#### [TASK OBJECTIVE]
Exactly repeat all the records below, omitting the images they hold.
SUPPLIED MATERIAL START
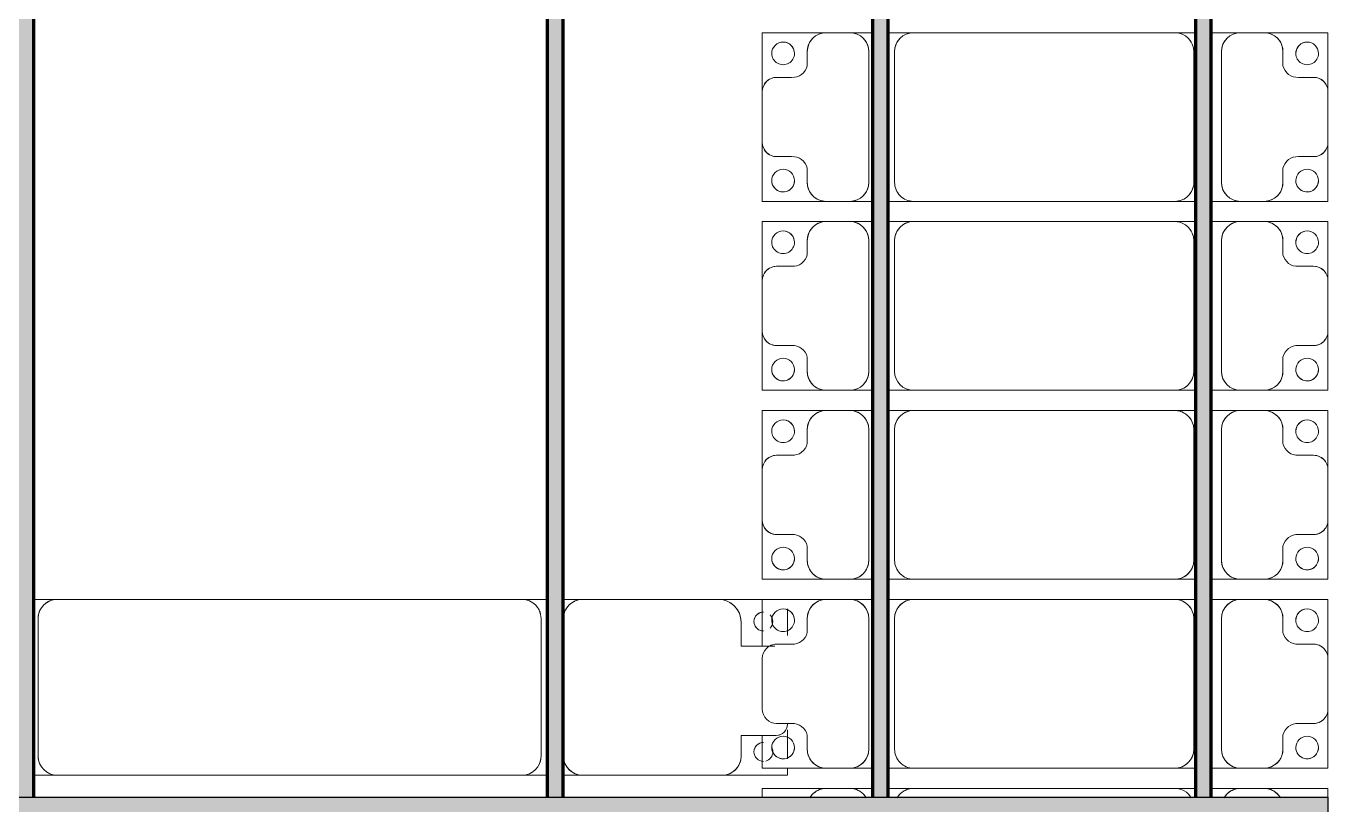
# Model space of a CAD drawing. Header units: millimetres. Extents: x -268744 to 115753, y -96240 to -10461.
# Drawn here: x 31470 to 34914, y -40627 to -38566 of the extents above; entities that cross this region are included whole.
import ezdxf

# ---------------------------------------------------------------- set-up
doc = ezdxf.new("R2010")
doc.units = ezdxf.units.MM
doc.layers.add('A-GENM', color=13, linetype='Continuous', lineweight=9)
doc.layers.add('S-BEAM', color=12, linetype='Continuous', lineweight=9)

# ---------------------------------------------------------------- blocks, each defined once
blk = doc.blocks.new('Dầm C52 - Hộp 40x60-V24-KHUNG KẾT CẤU BÈ PIN 1')
at = {"layer": 'S-BEAM', "lineweight": 25}
blk.add_hatch(color=4, dxfattribs=at).paths.add_polyline_path([(-145811, -20), (145811, -20), (145811, 20), (-145811, 20)])
at = {"layer": 'S-BEAM', "color": 4, "lineweight": 25}
for p, q in [((-145811, 20), (145811, 20)), ((145811, 20), (145811, -20))]:
    blk.add_line(p, q, dxfattribs=at)
blk = doc.blocks.new('Dai phaodi lai - DẢI PHAO ĐI LẠI-V77-KHUNG KẾT CẤU BÈ PIN 1')
at = {"layer": 'A-GENM', "color": 7}
for p, q in [((18276.8, 748.4), (18433.1, 748.4)), ((18276.8, 579.3), (18276.8, 748.4)), ((18276.8, 748.4), (18276.8, 579.3)), ((18433.1, 748.4), (18276.8, 748.4)), ((18566.9, 748.4), (18433.1, 748.4)), ((18566.9, 748.4), (18723.2, 748.4)), ((18723.2, 748.4), (18566.9, 748.4)), ((18723.2, 748.4), (18723.2, 579.3)), ((18723.2, 579.3), (18723.2, 748.4)), ((18776.8, 748.4), (18933.1, 748.4)), ((18776.8, 579.3), (18776.8, 748.4)), ((18776.8, 748.4), (18776.8, 579.3)), ((18933.1, 748.4), (18776.8, 748.4)), ((19066.9, 748.4), (18933.1, 748.4)), ((19066.9, 748.4), (19223.2, 748.4)), ((19223.2, 748.4), (19066.9, 748.4)), ((19223.2, 748.4), (19223.2, 579.3)), ((19223.2, 579.3), (19223.2, 748.4)), ((19276.8, 748.4), (19433.1, 748.4)), ((19276.8, 579.3), (19276.8, 748.4)), ((19276.8, 748.4), (19276.8, 579.3)), ((19433.1, 748.4), (19276.8, 748.4)), ((19566.9, 748.4), (19433.1, 748.4)), ((19566.9, 748.4), (19723.2, 748.4)), ((19723.2, 748.4), (19566.9, 748.4)), ((19723.2, 748.4), (19723.2, 579.3)), ((19723.2, 579.3), (19723.2, 748.4)), ((19776.8, 748.4), (19933.1, 748.4)), ((19776.8, 579.3), (19776.8, 748.4)), ((19776.8, 748.4), (19776.8, 579.3)), ((19933.1, 748.4), (19776.8, 748.4)), ((20066.9, 748.4), (19933.1, 748.4)), ((20066.9, 748.4), (20223.2, 748.4)), ((20223.2, 748.4), (20066.9, 748.4)), ((20223.2, 748.4), (20223.2, 579.3)), ((20223.2, 579.3), (20223.2, 748.4)), ((20276.8, 748.4), (20300.1, 748.4)), ((20276.8, 579.3), (20276.8, 748.4)), ((20276.8, 748.4), (20276.8, 579.3)), ((20300.1, 748.4), (20276.8, 748.4)), ((18395.1, 710.4), (18395.1, 670.7)), ((18604.9, 670.7), (18604.9, 710.4)), ((18895.1, 710.4), (18895.1, 670.7)), ((19104.9, 670.7), (19104.9, 710.4)), ((19395.1, 710.4), (19395.1, 670.7)), ((19604.9, 670.7), (19604.9, 710.4)), ((19895.1, 710.4), (19895.1, 670.7)), ((20104.9, 670.7), (20104.9, 710.4)), ((18364.3, 629.3), (18326.8, 629.3)), ((18673.2, 629.3), (18635.7, 629.3)), ((18864.3, 629.3), (18826.8, 629.3)), ((19173.2, 629.3), (19135.7, 629.3)), ((19364.3, 629.3), (19326.8, 629.3)), ((19673.2, 629.3), (19635.7, 629.3)), ((19864.3, 629.3), (19826.8, 629.3)), ((20173.2, 629.3), (20135.7, 629.3)), ((18276.8, 579.3), (18276.8, 516.7)), ((18723.2, 516.7), (18723.2, 579.3)), ((18776.8, 579.3), (18776.8, 516.7)), ((19223.2, 516.7), (19223.2, 579.3)), ((19276.8, 579.3), (19276.8, 516.7)), ((19723.2, 516.7), (19723.2, 579.3)), ((19776.8, 579.3), (19776.8, 516.7)), ((20223.2, 516.7), (20223.2, 579.3)), ((20276.8, 579.3), (20276.8, 516.7)), ((18276.8, 438.7), (18276.8, 516.7)), ((18276.8, 438.7), (18276.8, 516.7)), ((18723.2, 516.7), (18723.2, 438.7)), ((18723.2, 516.7), (18723.2, 438.7)), ((18776.8, 438.7), (18776.8, 516.7)), ((18776.8, 438.7), (18776.8, 516.7)), ((19223.2, 516.7), (19223.2, 438.7)), ((19223.2, 516.7), (19223.2, 438.7)), ((19276.8, 438.7), (19276.8, 516.7)), ((19276.8, 438.7), (19276.8, 516.7)), ((19723.2, 516.7), (19723.2, 438.7)), ((19723.2, 516.7), (19723.2, 438.7)), ((19776.8, 438.7), (19776.8, 516.7)), ((19776.8, 438.7), (19776.8, 516.7)), ((20223.2, 516.7), (20223.2, 438.7)), ((20223.2, 516.7), (20223.2, 438.7)), ((20276.8, 438.7), (20276.8, 516.7)), ((20276.8, 438.7), (20276.8, 516.7)), ((18326.8, 466.7), (18673.2, 466.7)), ((18826.8, 466.7), (19173.2, 466.7)), ((19326.8, 466.7), (19673.2, 466.7)), ((19826.8, 466.7), (20173.2, 466.7)), ((18276.8, 343.3), (18276.8, 398.7)), ((18276.8, 343.3), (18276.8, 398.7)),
SUPPLIED MATERIAL END
#### [EXERCISE RESULT]
# Model space of a CAD drawing. Header units: millimetres. Extents: x -268744 to 115753, y -96240 to -10461.
# Drawn here: x 31470 to 34914, y -40627 to -38566 of the extents above; entities that cross this region are included whole.
import ezdxf

# ---------------------------------------------------------------- set-up
doc = ezdxf.new("R2010")
doc.units = ezdxf.units.MM
doc.layers.add('A-GENM', color=13, linetype='Continuous', lineweight=9)
doc.layers.add('S-BEAM', color=12, linetype='Continuous', lineweight=9)

# ---------------------------------------------------------------- blocks, each defined once
blk = doc.blocks.new('Dầm C52 - Hộp 40x60-V24-KHUNG KẾT CẤU BÈ PIN 1')
at = {"layer": 'S-BEAM', "lineweight": 25}
blk.add_hatch(color=4, dxfattribs=at).paths.add_polyline_path([(-145811, -20), (145811, -20), (145811, 20), (-145811, 20)])
at = {"layer": 'S-BEAM', "color": 4, "lineweight": 25}
for p, q in [((-145811, 20), (145811, 20)), ((145811, 20), (145811, -20))]:
    blk.add_line(p, q, dxfattribs=at)
blk = doc.blocks.new('Dai phaodi lai - DẢI PHAO ĐI LẠI-V77-KHUNG KẾT CẤU BÈ PIN 1')
at = {"layer": 'A-GENM', "color": 7}
for p, q in [((18276.8, 748.4), (18433.1, 748.4)), ((18276.8, 579.3), (18276.8, 748.4)), ((18276.8, 748.4), (18276.8, 579.3)), ((18433.1, 748.4), (18276.8, 748.4)), ((18566.9, 748.4), (18433.1, 748.4)), ((18566.9, 748.4), (18723.2, 748.4)), ((18723.2, 748.4), (18566.9, 748.4)), ((18723.2, 748.4), (18723.2, 579.3)), ((18723.2, 579.3), (18723.2, 748.4)), ((18776.8, 748.4), (18933.1, 748.4)), ((18776.8, 579.3), (18776.8, 748.4)), ((18776.8, 748.4), (18776.8, 579.3)), ((18933.1, 748.4), (18776.8, 748.4)), ((19066.9, 748.4), (18933.1, 748.4)), ((19066.9, 748.4), (19223.2, 748.4)), ((19223.2, 748.4), (19066.9, 748.4)), ((19223.2, 748.4), (19223.2, 579.3)), ((19223.2, 579.3), (19223.2, 748.4)), ((19276.8, 748.4), (19433.1, 748.4)), ((19276.8, 579.3), (19276.8, 748.4)), ((19276.8, 748.4), (19276.8, 579.3)), ((19433.1, 748.4), (19276.8, 748.4)), ((19566.9, 748.4), (19433.1, 748.4)), ((19566.9, 748.4), (19723.2, 748.4)), ((19723.2, 748.4), (19566.9, 748.4)), ((19723.2, 748.4), (19723.2, 579.3)), ((19723.2, 579.3), (19723.2, 748.4)), ((19776.8, 748.4), (19933.1, 748.4)), ((19776.8, 579.3), (19776.8, 748.4)), ((19776.8, 748.4), (19776.8, 579.3)), ((19933.1, 748.4), (19776.8, 748.4)), ((20066.9, 748.4), (19933.1, 748.4)), ((20066.9, 748.4), (20223.2, 748.4)), ((20223.2, 748.4), (20066.9, 748.4)), ((20223.2, 748.4), (20223.2, 579.3)), ((20223.2, 579.3), (20223.2, 748.4)), ((20276.8, 748.4), (20300.1, 748.4)), ((20276.8, 579.3), (20276.8, 748.4)), ((20276.8, 748.4), (20276.8, 579.3)), ((20300.1, 748.4), (20276.8, 748.4)), ((18395.1, 710.4), (18395.1, 670.7)), ((18604.9, 670.7), (18604.9, 710.4)), ((18895.1, 710.4), (18895.1, 670.7)), ((19104.9, 670.7), (19104.9, 710.4)), ((19395.1, 710.4), (19395.1, 670.7)), ((19604.9, 670.7), (19604.9, 710.4)), ((19895.1, 710.4), (19895.1, 670.7)), ((20104.9, 670.7), (20104.9, 710.4)), ((18364.3, 629.3), (18326.8, 629.3)), ((18673.2, 629.3), (18635.7, 629.3)), ((18864.3, 629.3), (18826.8, 629.3)), ((19173.2, 629.3), (19135.7, 629.3)), ((19364.3, 629.3), (19326.8, 629.3)), ((19673.2, 629.3), (19635.7, 629.3)), ((19864.3, 629.3), (19826.8, 629.3)), ((20173.2, 629.3), (20135.7, 629.3)), ((18276.8, 579.3), (18276.8, 516.7)), ((18723.2, 516.7), (18723.2, 579.3)), ((18776.8, 579.3), (18776.8, 516.7)), ((19223.2, 516.7), (19223.2, 579.3)), ((19276.8, 579.3), (19276.8, 516.7)), ((19723.2, 516.7), (19723.2, 579.3)), ((19776.8, 579.3), (19776.8, 516.7)), ((20223.2, 516.7), (20223.2, 579.3)), ((20276.8, 579.3), (20276.8, 516.7)), ((18276.8, 438.7), (18276.8, 516.7)), ((18276.8, 438.7), (18276.8, 516.7)), ((18723.2, 516.7), (18723.2, 438.7)), ((18723.2, 516.7), (18723.2, 438.7)), ((18776.8, 438.7), (18776.8, 516.7)), ((18776.8, 438.7), (18776.8, 516.7)), ((19223.2, 516.7), (19223.2, 438.7)), ((19223.2, 516.7), (19223.2, 438.7)), ((19276.8, 438.7), (19276.8, 516.7)), ((19276.8, 438.7), (19276.8, 516.7)), ((19723.2, 516.7), (19723.2, 438.7)), ((19723.2, 516.7), (19723.2, 438.7)), ((19776.8, 438.7), (19776.8, 516.7)), ((19776.8, 438.7), (19776.8, 516.7)), ((20223.2, 516.7), (20223.2, 438.7)), ((20223.2, 516.7), (20223.2, 438.7)), ((20276.8, 438.7), (20276.8, 516.7)), ((20276.8, 438.7), (20276.8, 516.7)), ((18326.8, 466.7), (18673.2, 466.7)), ((18826.8, 466.7), (19173.2, 466.7)), ((19326.8, 466.7), (19673.2, 466.7)), ((19826.8, 466.7), (20173.2, 466.7)), ((18276.8, 343.3), (18276.8, 398.7)), ((18276.8, 343.3), (18276.8, 398.7)),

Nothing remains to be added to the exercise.